- [WHAT YOU ARE ASKED TO DO]
Character for character, transcribe the entries below, minus the images.

Data excerpts
══════
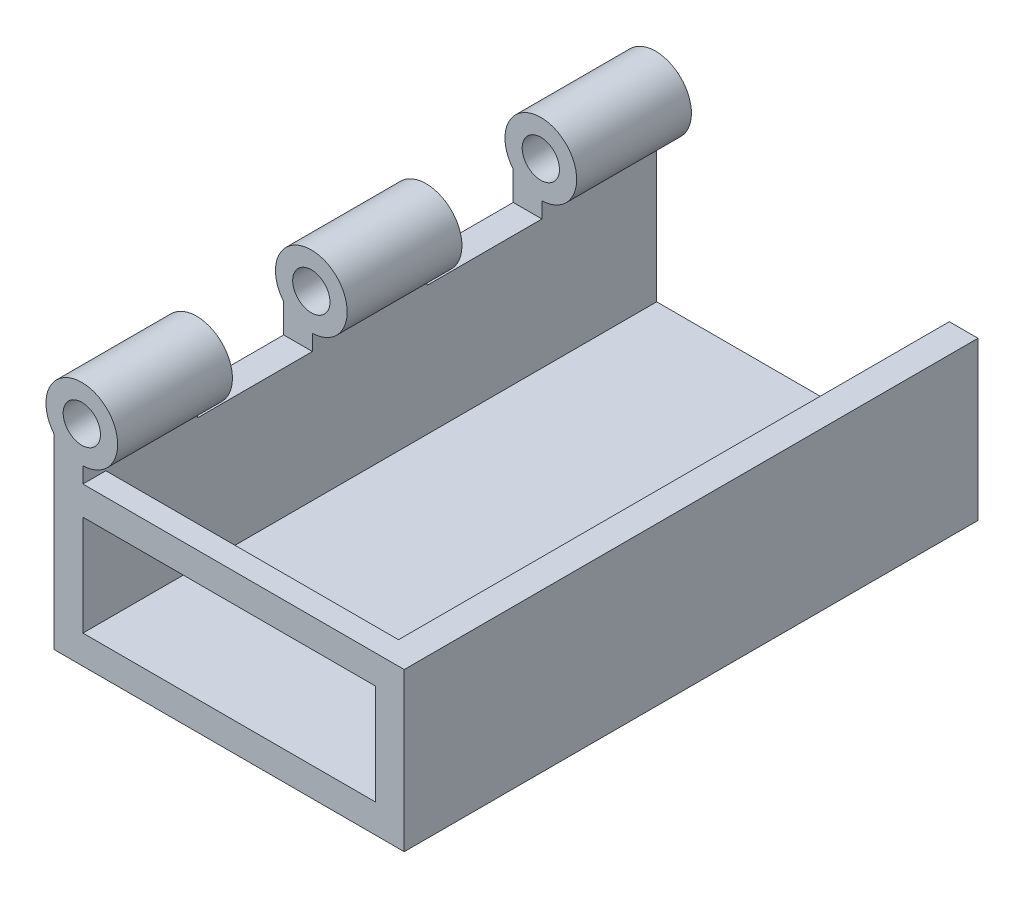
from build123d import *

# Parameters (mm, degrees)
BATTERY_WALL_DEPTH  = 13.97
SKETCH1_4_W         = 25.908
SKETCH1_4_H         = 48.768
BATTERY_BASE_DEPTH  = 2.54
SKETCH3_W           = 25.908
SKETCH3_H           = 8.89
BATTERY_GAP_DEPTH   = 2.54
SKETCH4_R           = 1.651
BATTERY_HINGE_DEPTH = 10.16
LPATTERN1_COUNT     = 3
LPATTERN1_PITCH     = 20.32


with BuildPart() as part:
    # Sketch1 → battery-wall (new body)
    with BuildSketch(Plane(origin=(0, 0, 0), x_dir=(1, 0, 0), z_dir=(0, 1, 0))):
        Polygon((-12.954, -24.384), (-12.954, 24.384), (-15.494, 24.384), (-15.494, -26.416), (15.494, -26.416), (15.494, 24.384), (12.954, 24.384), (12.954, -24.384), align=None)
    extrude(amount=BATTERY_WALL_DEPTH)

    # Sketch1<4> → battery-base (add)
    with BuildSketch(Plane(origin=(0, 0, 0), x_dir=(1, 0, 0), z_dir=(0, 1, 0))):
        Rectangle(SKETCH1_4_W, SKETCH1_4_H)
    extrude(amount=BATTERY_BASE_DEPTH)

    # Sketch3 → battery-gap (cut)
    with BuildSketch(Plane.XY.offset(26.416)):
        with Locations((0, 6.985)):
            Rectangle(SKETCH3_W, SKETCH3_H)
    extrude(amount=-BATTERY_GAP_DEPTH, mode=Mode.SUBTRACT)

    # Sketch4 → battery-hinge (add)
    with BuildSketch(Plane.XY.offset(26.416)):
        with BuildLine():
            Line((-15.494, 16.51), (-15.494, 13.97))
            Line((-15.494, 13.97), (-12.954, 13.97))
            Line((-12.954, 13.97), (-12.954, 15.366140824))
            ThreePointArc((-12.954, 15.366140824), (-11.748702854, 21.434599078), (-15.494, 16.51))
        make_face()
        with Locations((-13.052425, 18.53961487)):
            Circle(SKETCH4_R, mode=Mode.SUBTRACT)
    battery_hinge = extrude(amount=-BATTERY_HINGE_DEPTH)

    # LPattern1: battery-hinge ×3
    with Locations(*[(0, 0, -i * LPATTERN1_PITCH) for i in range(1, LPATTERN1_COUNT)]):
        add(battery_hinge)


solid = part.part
══════
- [ANSWER SPACE]
from build123d import *

# Parameters (mm, degrees)
BATTERY_WALL_DEPTH  = 13.97
SKETCH1_4_W         = 25.908
SKETCH1_4_H         = 48.768
BATTERY_BASE_DEPTH  = 2.54
SKETCH3_W           = 25.908
SKETCH3_H           = 8.89
BATTERY_GAP_DEPTH   = 2.54
SKETCH4_R           = 1.651
BATTERY_HINGE_DEPTH = 10.16
LPATTERN1_COUNT     = 3
LPATTERN1_PITCH     = 20.32


with BuildPart() as part:
    # Sketch1 → battery-wall (new body)
    with BuildSketch(Plane(origin=(0, 0, 0), x_dir=(1, 0, 0), z_dir=(0, 1, 0))):
        Polygon((-12.954, -24.384), (-12.954, 24.384), (-15.494, 24.384), (-15.494, -26.416), (15.494, -26.416), (15.494, 24.384), (12.954, 24.384), (12.954, -24.384), align=None)
    extrude(amount=BATTERY_WALL_DEPTH)

    # Sketch1<4> → battery-base (add)
    with BuildSketch(Plane(origin=(0, 0, 0), x_dir=(1, 0, 0), z_dir=(0, 1, 0))):
        Rectangle(SKETCH1_4_W, SKETCH1_4_H)
    extrude(amount=BATTERY_BASE_DEPTH)

    # Sketch3 → battery-gap (cut)
    with BuildSketch(Plane.XY.offset(26.416)):
        with Locations((0, 6.985)):
            Rectangle(SKETCH3_W, SKETCH3_H)
    extrude(amount=-BATTERY_GAP_DEPTH, mode=Mode.SUBTRACT)

    # Sketch4 → battery-hinge (add)
    with BuildSketch(Plane.XY.offset(26.416)):
        with BuildLine():
            Line((-15.494, 16.51), (-15.494, 13.97))
            Line((-15.494, 13.97), (-12.954, 13.97))
            Line((-12.954, 13.97), (-12.954, 15.366140824))
            ThreePointArc((-12.954, 15.366140824), (-11.748702854, 21.434599078), (-15.494, 16.51))
        make_face()
        with Locations((-13.052425, 18.53961487)):
            Circle(SKETCH4_R, mode=Mode.SUBTRACT)
    battery_hinge = extrude(amount=-BATTERY_HINGE_DEPTH)

    # LPattern1: battery-hinge ×3
    with Locations(*[(0, 0, -i * LPATTERN1_PITCH) for i in range(1, LPATTERN1_COUNT)]):
        add(battery_hinge)


solid = part.part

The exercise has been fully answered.